→ **REQUIREMENT**:
For the records below, copy exactly the span that begins at the line containing "settings ConfigComp: CovBoundaryAbsTol=1.0e-5" and stops after the line containing "Sum/1 -> Transfer Fcn2/1", minus any pictures.

● ● ● ● ● ● ●

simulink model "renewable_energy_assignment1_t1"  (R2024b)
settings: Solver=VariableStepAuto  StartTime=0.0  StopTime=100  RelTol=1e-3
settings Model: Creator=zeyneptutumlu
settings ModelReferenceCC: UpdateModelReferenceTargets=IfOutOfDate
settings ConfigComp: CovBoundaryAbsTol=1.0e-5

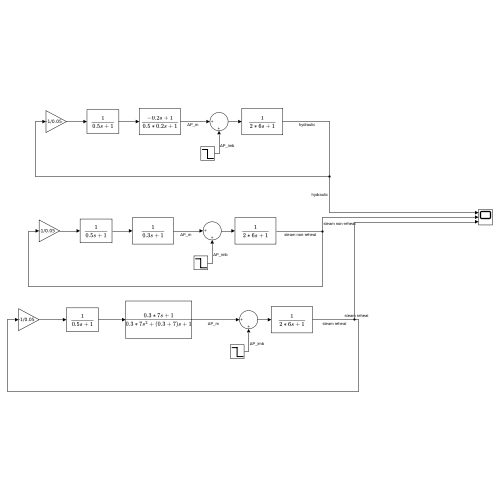
[thumbnail: Simulink's stored preview of the top-level diagram]
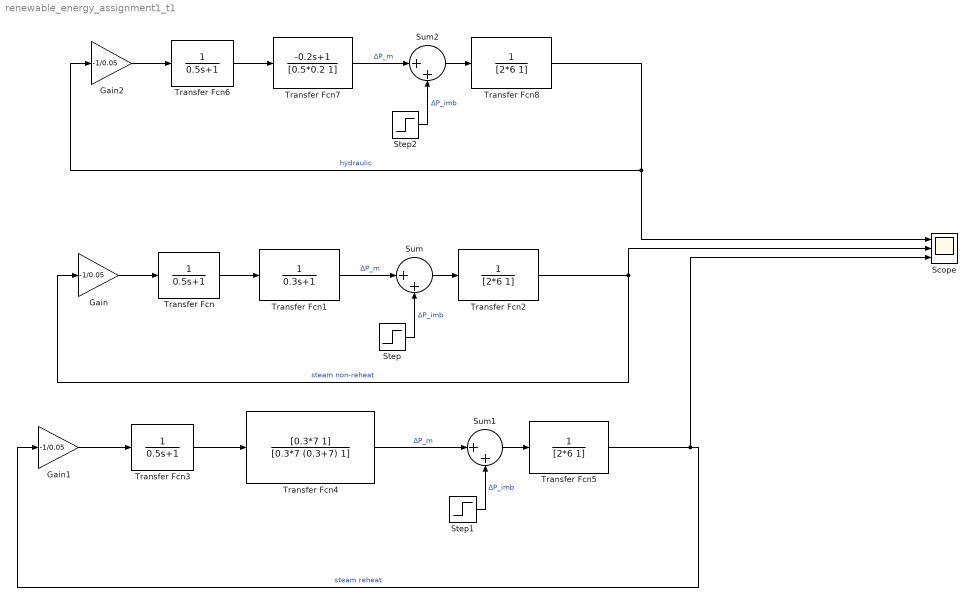
== system renewable_energy_assignment1_t1 ==
  Gain : Gain  Gain=-1/0.05
  Gain1 : Gain  Gain=-1/0.05
  Gain2 : Gain  Gain=-1/0.05
  Scope : Scope  NumInputPorts=3
  Step : Step  After=-0.1  SampleTime=0
  Step1 : Step  After=-0.1  SampleTime=0
  Step2 : Step  After=-0.1  SampleTime=0
  Sum : Sum  Inputs=|++
  Sum1 : Sum  Inputs=|++
  Sum2 : Sum  Inputs=|++
  Transfer Fcn : TransferFcn  Denominator=[0.5 1]
  Transfer Fcn1 : TransferFcn  Denominator=[0.3 1]
  Transfer Fcn2 : TransferFcn  Denominator=[2*6 1]
  Transfer Fcn3 : TransferFcn  Denominator=[0.5 1]
  Transfer Fcn4 : TransferFcn  Numerator=[0.3*7 1]  Denominator=[0.3*7 (0.3+7) 1]
  Transfer Fcn5 : TransferFcn  Denominator=[2*6 1]
  Transfer Fcn6 : TransferFcn  Denominator=[0.5 1]
  Transfer Fcn7 : TransferFcn  Numerator=[-0.2 1]  Denominator=[0.5*0.2 1]
  Transfer Fcn8 : TransferFcn  Denominator=[2*6 1]
  wires:
  Sum/1 -> Transfer Fcn2/1
  Transfer Fcn2/1 -> Scope/2, Gain/1  "steam non-reheat"
  Gain/1 -> Transfer Fcn/1
  Transfer Fcn1/1 -> Sum/1  "ΔP_m"
  Step/1 -> Sum/2  "ΔP_imb"
  Transfer Fcn/1 -> Transfer Fcn1/1
  Step1/1 -> Sum1/2  "ΔP_imb"
  Transfer Fcn5/1 -> Gain1/1, Scope/3  "steam reheat"
  Gain1/1 -> Transfer Fcn3/1
  Transfer Fcn4/1 -> Sum1/1  "ΔP_m"
  Sum1/1 -> Transfer Fcn5/1
  Transfer Fcn3/1 -> Transfer Fcn4/1
  Sum2/1 -> Transfer Fcn8/1
  Transfer Fcn8/1 -> Scope/1, Gain2/1  "hydraulic"
  Gain2/1 -> Transfer Fcn6/1
  Transfer Fcn7/1 -> Sum2/1  "ΔP_m"
  Step2/1 -> Sum2/2  "ΔP_imb"
  Transfer Fcn6/1 -> Transfer Fcn7/1

● ● ● ● ● ● ●

→ **OUTPUT BELOW**:
settings ConfigComp: CovBoundaryAbsTol=1.0e-5

[thumbnail: Simulink's stored preview of the top-level diagram]
== system renewable_energy_assignment1_t1 ==
  Gain : Gain  Gain=-1/0.05
  Gain1 : Gain  Gain=-1/0.05
  Gain2 : Gain  Gain=-1/0.05
  Scope : Scope  NumInputPorts=3
  Step : Step  After=-0.1  SampleTime=0
  Step1 : Step  After=-0.1  SampleTime=0
  Step2 : Step  After=-0.1  SampleTime=0
  Sum : Sum  Inputs=|++
  Sum1 : Sum  Inputs=|++
  Sum2 : Sum  Inputs=|++
  Transfer Fcn : TransferFcn  Denominator=[0.5 1]
  Transfer Fcn1 : TransferFcn  Denominator=[0.3 1]
  Transfer Fcn2 : TransferFcn  Denominator=[2*6 1]
  Transfer Fcn3 : TransferFcn  Denominator=[0.5 1]
  Transfer Fcn4 : TransferFcn  Numerator=[0.3*7 1]  Denominator=[0.3*7 (0.3+7) 1]
  Transfer Fcn5 : TransferFcn  Denominator=[2*6 1]
  Transfer Fcn6 : TransferFcn  Denominator=[0.5 1]
  Transfer Fcn7 : TransferFcn  Numerator=[-0.2 1]  Denominator=[0.5*0.2 1]
  Transfer Fcn8 : TransferFcn  Denominator=[2*6 1]
  wires:
  Sum/1 -> Transfer Fcn2/1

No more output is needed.